** How to complete this task **
Each line of the data below that holds the word "degree" is to be reported in full.

━━━━━ Material to process

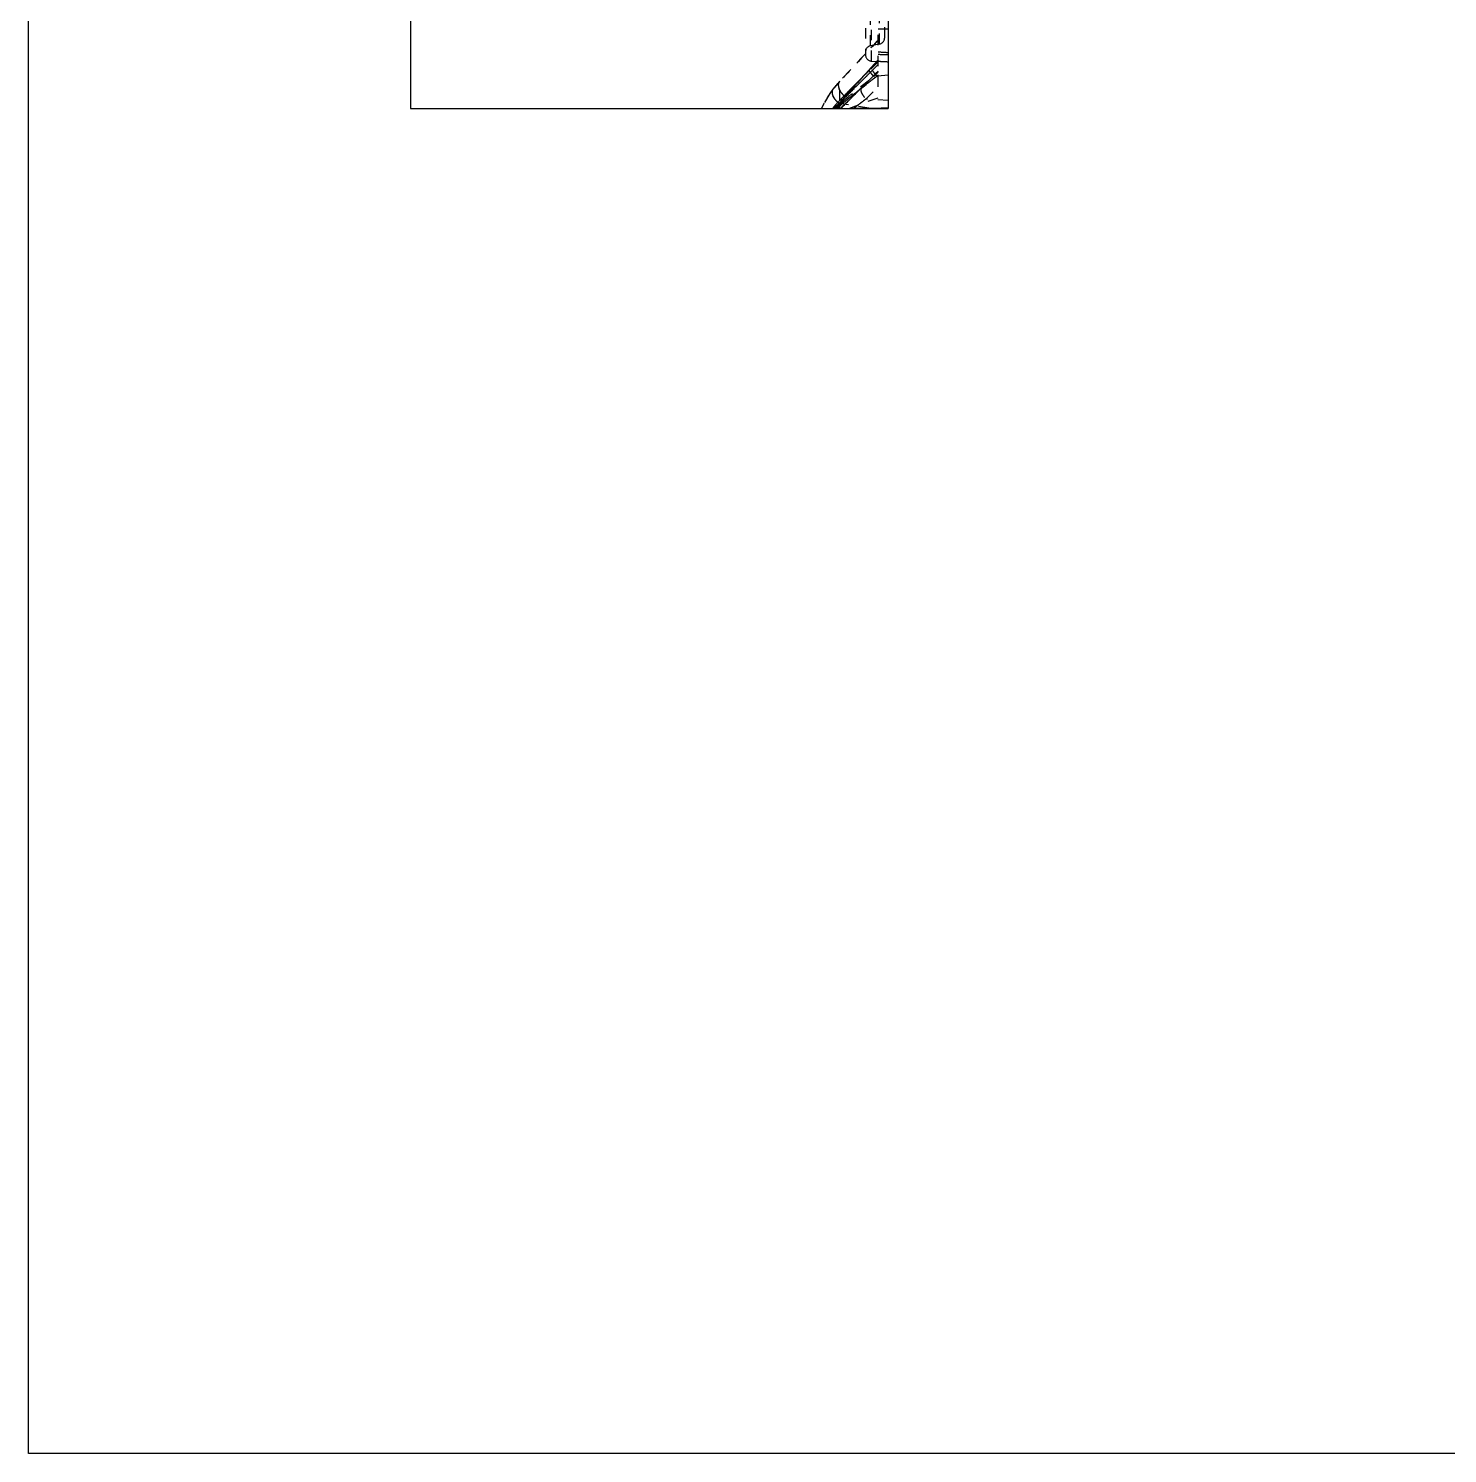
# Model space of a CAD drawing. Header units: millimetres. Extents: x 309 to 11345, y -1340 to 1318.
# Drawn here: x 10325 to 10547.8, y -873.1 to -649.4 of the extents above; entities that cross this region are included whole.
import ezdxf

# ---------------------------------------------------------------- set-up
doc = ezdxf.new("R2010")
doc.units = ezdxf.units.MM
doc.header["$LTSCALE"] = 16.335
doc.linetypes.add('HIDDEN', pattern=[0.2, 0.1, -0.1])
doc.layers.get('0').update_dxf_attribs({"linetype": 'CONTINUOUS'})
doc.layers.add('DEFAULT_2', color=8, linetype='HIDDEN')

msp = doc.modelspace()

# ---------------------------------------------------------------- linework, layer by layer
at = {"color": 7, "linetype": 'Continuous'}
for p, q in [((10384.972, -341.99), (10384.972, -661.99)), ((10459.972, -577.52), (10459.972, -661.99)), ((10384.972, -661.99), (10451.38, -661.99)), ((10451.857, -661.989), (10451.38, -661.99)), ((10451.808, -661.99), (10459.972, -661.99))]:
    msp.add_line(p, q, dxfattribs=at)
msp.add_lwpolyline([(10324.963, -234.556), (11062.204, -234.556), (11062.204, -873.144), (10324.963, -873.144)], close=True)
msp.add_arc((10451.237, -212.732), 449.257, 270.07904, 270.72593, dxfattribs=at)
msp.add_ellipse((10364.098, -586.99), major_axis=(205.747, -35.401), ratio=0.3213637, start_param=-1.0482293, end_param=-1.0316171, dxfattribs=at)
at = {"layer": 'DEFAULT_2', "color": 8, "linetype": 'HIDDEN'}
for p, q in [((10456.389, -577.52), (10456.389, -653.557)), ((10457.203, -652.154), (10457.203, -577.52)), ((10457.342, -654.562), (10457.342, -577.52)), ((10459.406, -650.897), (10459.406, -638.348)), ((10458.592, -651.884), (10458.592, -640.292)), ((10458.372, -649.478), (10459.972, -649.517)), ((10458.372, -658.622), (10458.372, -649.478)), ((10458.372, -651.302), (10452.317, -657.76)), ((10458.372, -651.308), (10456.323, -653.495)), ((10458.592, -651.884), (10457.203, -652.154)), ((10458.372, -654.659), (10456.972, -656.054)), ((10457.342, -654.562), (10459.972, -654.699)), ((10457.478, -655.353), (10457.399, -655.441)), ((10457.997, -654.774), (10457.478, -655.353)), ((10457.479, -656.006), (10458.372, -655.11)), ((10458.259, -654.482), (10457.997, -654.774)), ((10458.372, -654.356), (10458.259, -654.482)), ((10455.741, -657.291), (10454.99, -658.129)), ((10455.292, -657.735), (10455.739, -657.287)), ((10455.727, -658.789), (10458.372, -656.154)), ((10457.719, -656.805), (10455.727, -658.789)), ((10455.797, -657.229), (10455.741, -657.291)), ((10456.904, -655.994), (10455.797, -657.229)), ((10456.527, -656.96), (10456.463, -657.024)), ((10456.568, -656.919), (10456.527, -656.96)), ((10457.014, -656.473), (10456.568, -656.919)), ((10456.972, -656.054), (10456.874, -656.152)), ((10457.172, -655.694), (10456.904, -655.994)), ((10457.38, -656.106), (10457.014, -656.473)), ((10457.399, -655.441), (10457.172, -655.694)), ((10457.479, -656.006), (10457.38, -656.106)), ((10457.702, -656.981), (10458.372, -656.313)), ((10459.972, -656.767), (10457.702, -656.981)), ((10457.799, -656.884), (10457.702, -656.981)), ((10457.998, -656.527), (10457.719, -656.805)), ((10458.372, -656.313), (10457.799, -656.884)), ((10458.293, -656.233), (10457.998, -656.527)), ((10458.209, -656.933), (10458.372, -656.77)), ((10458.291, -656.851), (10458.209, -656.933)), ((10458.372, -656.77), (10458.291, -656.851)), ((10458.372, -656.154), (10458.293, -656.233)), ((10451.282, -658.98), (10450.778, -659.678)), ((10451.321, -658.934), (10451.282, -658.98)), ((10451.282, -658.98), (10451.282, -658.98)), ((10452.366, -657.713), (10452.317, -657.76)), ((10452.366, -660.705), (10452.366, -657.713)), ((10454.99, -658.129), (10453.175, -660.158)), ((10453.646, -659.821), (10453.25, -660.211)), ((10453.791, -659.679), (10453.646, -659.821)), ((10453.769, -661.99), (10459.972, -659.732)), ((10453.965, -659.506), (10453.791, -659.679)), ((10454.266, -659.209), (10453.965, -659.506)), ((10454.431, -659.046), (10454.266, -659.209)), ((10454.692, -658.787), (10454.431, -659.046)), ((10454.525, -658.508), (10454.615, -658.418)), ((10454.574, -659.938), (10454.803, -659.709)), ((10454.615, -658.418), (10454.98, -658.05)), ((10454.92, -658.561), (10454.692, -658.787)), ((10454.803, -659.709), (10455.727, -658.789)), ((10454.98, -658.05), (10455.292, -657.735)), ((10455.727, -658.789), (10455.226, -659.287)), ((10455.684, -657.801), (10455.615, -657.87)), ((10456.457, -660.529), (10458.372, -658.622)), ((10451.38, -661.99), (10451.808, -661.99)), ((10451.38, -661.99), (10451.505, -661.99)), ((10451.505, -661.99), (10451.617, -661.99)), ((10451.617, -661.99), (10451.857, -661.989)), ((10451.857, -661.989), (10452.001, -661.989)), ((10452.001, -661.989), (10452.301, -661.989)), ((10456.929, -661.954), (10452.299, -661.242)), ((10452.301, -661.989), (10452.365, -661.988)), ((10452.365, -661.988), (10452.52, -661.988)), ((10452.724, -660.337), (10452.366, -660.705)), ((10452.366, -661.99), (10452.366, -661.078)), ((10452.899, -661.609), (10452.517, -661.99)), ((10452.517, -661.99), (10452.898, -661.61)), ((10452.52, -661.988), (10452.951, -661.987)), ((10453.026, -660.431), (10452.786, -660.667)), ((10453.086, -661.422), (10452.899, -661.609)), ((10452.899, -661.609), (10453.085, -661.423)), ((10452.951, -661.987), (10453.534, -661.984)), ((10453.102, -660.357), (10453.026, -660.431)), ((10453.085, -661.423), (10453.144, -661.364)), ((10453.146, -661.363), (10453.086, -661.422)), ((10453.25, -660.211), (10453.102, -660.357)), ((10453.144, -661.364), (10453.327, -661.181)), ((10453.685, -660.825), (10453.146, -661.363)), ((10453.327, -661.181), (10453.563, -660.946)), ((10453.534, -661.984), (10453.768, -661.983)), ((10453.563, -660.946), (10453.832, -660.677)), ((10453.768, -661.983), (10454.743, -661.976)), ((10453.832, -660.677), (10454.574, -659.938)), ((10454.743, -661.976), (10455.225, -661.972)), ((10456.961, -660.028), (10456.457, -660.529)), ((10459.972, -660.752), (10456.457, -660.529))]:
    msp.add_line(p, q, dxfattribs=at)
for points in [[(10450.778, -659.678), (10449.837, -661.253), (10449.477, -661.99)], [(10452.317, -657.76), (10451.419, -658.804), (10451.282, -658.98)]]:
    msp.add_lwpolyline(points, dxfattribs=at)
for centre, radius, start, end in [((10458.4, -650.897), 1.006, 281, 0), ((10457.395, -653.141), 1.006, 101, 180), ((10457.395, -653.557), 1.006, 180, 267), ((10062.486, -263.071), 557.151, 314.56887, 315.00843), ((10820.99, -1021.395), 515.735, 134.91145, 135.43203), ((10523.276, -743.948), 108.654, 127.25782, 128.6267), ((10833.486, -1033.902), 533.415, 134.89876, 135.08598), ((10009.571, -209.912), 632.156, 314.991787, 315.116239), ((10508.707, -724.92), 84.689, 126.99648, 127.206), ((10504.776, -719.696), 78.151, 126.57335, 126.99927), ((10467.321, -648.266), 12.574, 221.34115, 221.86421), ((10470.073, -645.794), 16.274, 221.87834, 223.19483), ((10463.633, -668.438), 15.554, 142.33642, 155.5094), ((10463.55, -668.377), 15.451, 142.32492, 145.73679), ((10463.951, -668.687), 15.958, 140.39704, 142.32325), ((10463.913, -668.655), 15.908, 136.54068, 142.32434), ((10704.247, -906.339), 351.824, 135.45178, 135.71934), ((10730.434, -932.031), 388.51, 135.4493, 135.62742), ((10592.04, -829.499), 218.416, 129.02215, 129.50493), ((10552.934, -781.254), 156.312, 128.583, 129.02001), ((10463.803, -668.528), 15.746, 152.08571, 155.46779), ((10462.509, -670.638), 14.197, 138.9894, 142.47057), ((10462.23, -670.421), 13.844, 142.15844, 142.48234), ((10462.417, -670.566), 14.08, 141.08188, 142.15686), ((10462.592, -670.71), 14.307, 135.62649, 141.07484), ((10463.543, -672.473), 15.962, 136.68153, 138.94752), ((10463.924, -672.812), 16.472, 138.23947, 138.92683), ((10463.72, -672.631), 16.199, 137.7828, 138.23892), ((10463.444, -672.379), 15.825, 136.81612, 137.78494), ((10459.917, -668.727), 10.542, 135.8156, 140.27873), ((10465.206, -669.378), 15.258, 147.77216, 151.03503), ((10465.394, -669.485), 15.474, 150.76522, 151.02732), ((10465.341, -669.455), 15.413, 150.09332, 150.7655), ((10463.384, -672.326), 15.745, 134.4114, 136.80905), ((10465.285, -669.423), 15.348, 149.81072, 150.09305), ((10461.23, -670.856), 12.798, 129.46321, 136.14658), ((10461.022, -670.658), 12.51, 135.01212, 136.14136), ((10465.242, -669.398), 15.299, 149.40756, 149.81079), ((10454.764, -658.012), 4.063, 228.02716, 232.63808), ((10465.099, -669.312), 15.132, 147.76672, 149.40995), ((10461.269, -670.903), 12.858, 134.53474, 135.01642), ((10461.346, -670.982), 12.968, 133.08638, 134.53505), ((10463.61, -669.488), 13.998, 138.20193, 143.90801), ((10463.578, -669.463), 13.957, 142.73161, 143.9115), ((10460.453, -669.26), 11.299, 130.63216, 135.77092), ((10216.088, -419.156), 338.161, 314.32369, 314.45201), ((10461.371, -671.009), 13.006, 131.18474, 133.08558), ((10461.262, -670.884), 12.84, 130.24861, 131.18532), ((10461.105, -670.699), 12.597, 129.47941, 130.24857), ((10455.841, -657.146), 4.022, 226.54797, 228.49251), ((10518.733, -743.192), 103.496, 126.99345, 128.31695), ((10523.199, -748.879), 110.727, 127.84805, 128.30563), ((10451.181, -207.177), 454.813, 270.50935, 270.72408), ((10515.902, -739.481), 98.828, 127.25807, 127.85055), ((10510.306, -732.136), 89.594, 126.9437, 127.25349)]:
    msp.add_arc(centre, radius, start, end, dxfattribs=at)
for centre, major_axis, ratio, start_param, end_param in [((8525.536, 1241.865), (5244.01, -900.079), 0.3180349, -1.1393715, -1.1390439), ((12943.259, 1438.05), (5883.925, 629.742), 0.344432, -2.0433281, -2.0430284), ((12550.303, 1437.282), (5827.382, 623.69), 0.344432, 4.3086251, 4.308919), ((10322.384, 1308.036), (5508.751, -398.018), 0.3530931, -1.5206099, -1.5203195)]:
    msp.add_ellipse(centre, major_axis=major_axis, ratio=ratio, start_param=start_param, end_param=end_param, dxfattribs=at)
for points, knots in [([(10458.372, -651.308), (10456.871, -652.911), (10454.869, -655.046), (10452.866, -657.181), (10452.366, -657.713)], [0, 0, 0, 0, 0.7503232, 1, 1, 1, 1]), ([(10453.096, -660.976), (10453.503, -660.641), (10455.184, -659.264), (10456.888, -657.914), (10458.209, -656.933)], [0, 0, 0, 0, 0.2427901, 1, 1, 1, 1]), ([(10453.096, -660.686), (10453.462, -660.372), (10454.966, -659.1), (10456.507, -657.869), (10457.702, -656.981)], [0, 0, 0, 0, 0.2446617, 1, 1, 1, 1]), ([(10456.972, -656.054), (10456.967, -656.065), (10456.98, -656.102), (10457.011, -656.16), (10457.071, -656.247), (10457.195, -656.409), (10457.407, -656.659), (10457.595, -656.866), (10457.702, -656.981)], [0, 0, 0, 0, 0.0292103, 0.0871402, 0.1750726, 0.292015, 0.6044201, 1, 1, 1, 1]), ([(10457.479, -656.006), (10457.467, -656.013), (10457.488, -656.08), (10457.512, -656.111), (10457.532, -656.14)], [0, 0, 0, 0, 0.2783222, 1, 1, 1, 1]), ([(10457.479, -656.006), (10457.471, -656.01), (10457.474, -656.049), (10457.528, -656.134), (10457.663, -656.324), (10457.903, -656.599), (10458.098, -656.814), (10458.209, -656.933)], [0, 0, 0, 0, 0.0221604, 0.0730061, 0.2720575, 0.5901146, 1, 1, 1, 1]), ([(10451.282, -658.98), (10451.194, -659.095), (10451.092, -659.424), (10451.217, -659.962), (10451.542, -660.522), (10451.862, -660.866), (10452.047, -661.032)], [0, 0, 0, 0, 0.18417, 0.4084372, 0.6842591, 1, 1, 1, 1]), ([(10452.299, -661.242), (10452.075, -661.071), (10451.684, -660.705), (10451.319, -660.169), (10451.165, -659.739), (10451.112, -659.378), (10451.184, -659.108), (10451.282, -658.98)], [0, 0, 0, 0, 0.3141461, 0.5935752, 0.7138116, 0.8201741, 1, 1, 1, 1]), ([(10452.317, -657.76), (10452.235, -657.848), (10452.113, -658.094), (10452.119, -658.533), (10452.277, -659.017), (10452.463, -659.333), (10452.575, -659.493)], [0, 0, 0, 0, 0.1925223, 0.4170869, 0.6873761, 1, 1, 1, 1]), ([(10453.175, -660.158), (10452.959, -659.967), (10452.586, -659.56), (10452.255, -658.98), (10452.131, -658.525), (10452.106, -658.151), (10452.204, -657.88), (10452.317, -657.76)], [0, 0, 0, 0, 0.3131754, 0.5938204, 0.7146415, 0.8212179, 1, 1, 1, 1]), ([(10452.575, -659.493), (10452.611, -659.544), (10452.763, -659.746), (10452.935, -659.934), (10453.074, -660.066)], [0, 0, 0, 0, 0.244546, 1, 1, 1, 1]), ([(10455.226, -659.287), (10455.1, -659.414), (10454.586, -659.926), (10454.072, -660.439), (10453.685, -660.825)], [0, 0, 0, 0, 0.2468463, 1, 1, 1, 1]), ([(10455.727, -658.789), (10455.661, -658.857), (10455.625, -659.036), (10455.667, -659.269), (10455.781, -659.592), (10456.038, -660.028), (10456.303, -660.36), (10456.457, -660.529)], [0, 0, 0, 0, 0.1434794, 0.2419948, 0.3611429, 0.6553938, 1, 1, 1, 1]), ([(10455.727, -658.789), (10455.661, -658.857), (10455.625, -659.036), (10455.667, -659.269), (10455.781, -659.592), (10456.038, -660.028), (10456.303, -660.36), (10456.457, -660.529)], [0, 0, 0, 0, 0.1434797, 0.2419952, 0.3611432, 0.6553939, 1, 1, 1, 1]), ([(10451.809, -661.99), (10451.894, -661.887), (10452.294, -661.424), (10452.734, -660.997), (10453.096, -660.686)], [0, 0, 0, 0, 0.2194285, 1, 1, 1, 1]), ([(10452.366, -660.705), (10452.403, -660.672), (10452.528, -660.604), (10452.789, -660.594), (10452.987, -660.647), (10453.096, -660.686)], [0, 0, 0, 0, 0.1951913, 0.5461711, 1, 1, 1, 1]), ([(10452.366, -660.705), (10452.403, -660.672), (10452.528, -660.604), (10452.789, -660.594), (10452.987, -660.647), (10453.096, -660.686)], [0, 0, 0, 0, 0.1951658, 0.5461475, 1, 1, 1, 1]), ([(10452.366, -661.078), (10452.44, -660.997), (10452.698, -660.889), (10452.956, -660.936), (10453.096, -660.976)], [0, 0, 0, 0, 0.4320575, 1, 1, 1, 1]), ([(10452.794, -660.926), (10452.818, -660.926), (10452.92, -660.933), (10453.02, -660.955), (10453.096, -660.976)], [0, 0, 0, 0, 0.2324569, 1, 1, 1, 1])]:
    msp.add_open_spline(points, degree=3, knots=knots, dxfattribs=at)
for points in [[(10456.323, -653.495), (10455.004, -654.902), (10453.685, -656.308), (10452.366, -657.713)], [(10458.372, -654.356), (10456.639, -656.289), (10454.906, -658.223), (10453.175, -660.158)], [(10456.463, -657.024), (10456.204, -657.283), (10455.944, -657.542), (10455.684, -657.801)], [(10453.515, -659.531), (10453.669, -659.375), (10453.823, -659.218), (10453.977, -659.062)], [(10453.977, -659.062), (10454.16, -658.877), (10454.342, -658.693), (10454.525, -658.508)], [(10455.615, -657.87), (10455.384, -658.101), (10455.152, -658.331), (10454.92, -658.561)], [(10452.786, -660.667), (10452.646, -660.804), (10452.506, -660.941), (10452.366, -661.078)], [(10452.907, -660.548), (10453.097, -660.362), (10453.286, -660.176), (10453.476, -659.989)]]:
    msp.add_open_spline(points, degree=3, dxfattribs=at)

doc.saveas('drawing.dxf')

━━━━━━━━━━

** Response area **
    msp.add_open_spline(points, degree=3, knots=knots, dxfattribs=at)
    msp.add_open_spline(points, degree=3, dxfattribs=at)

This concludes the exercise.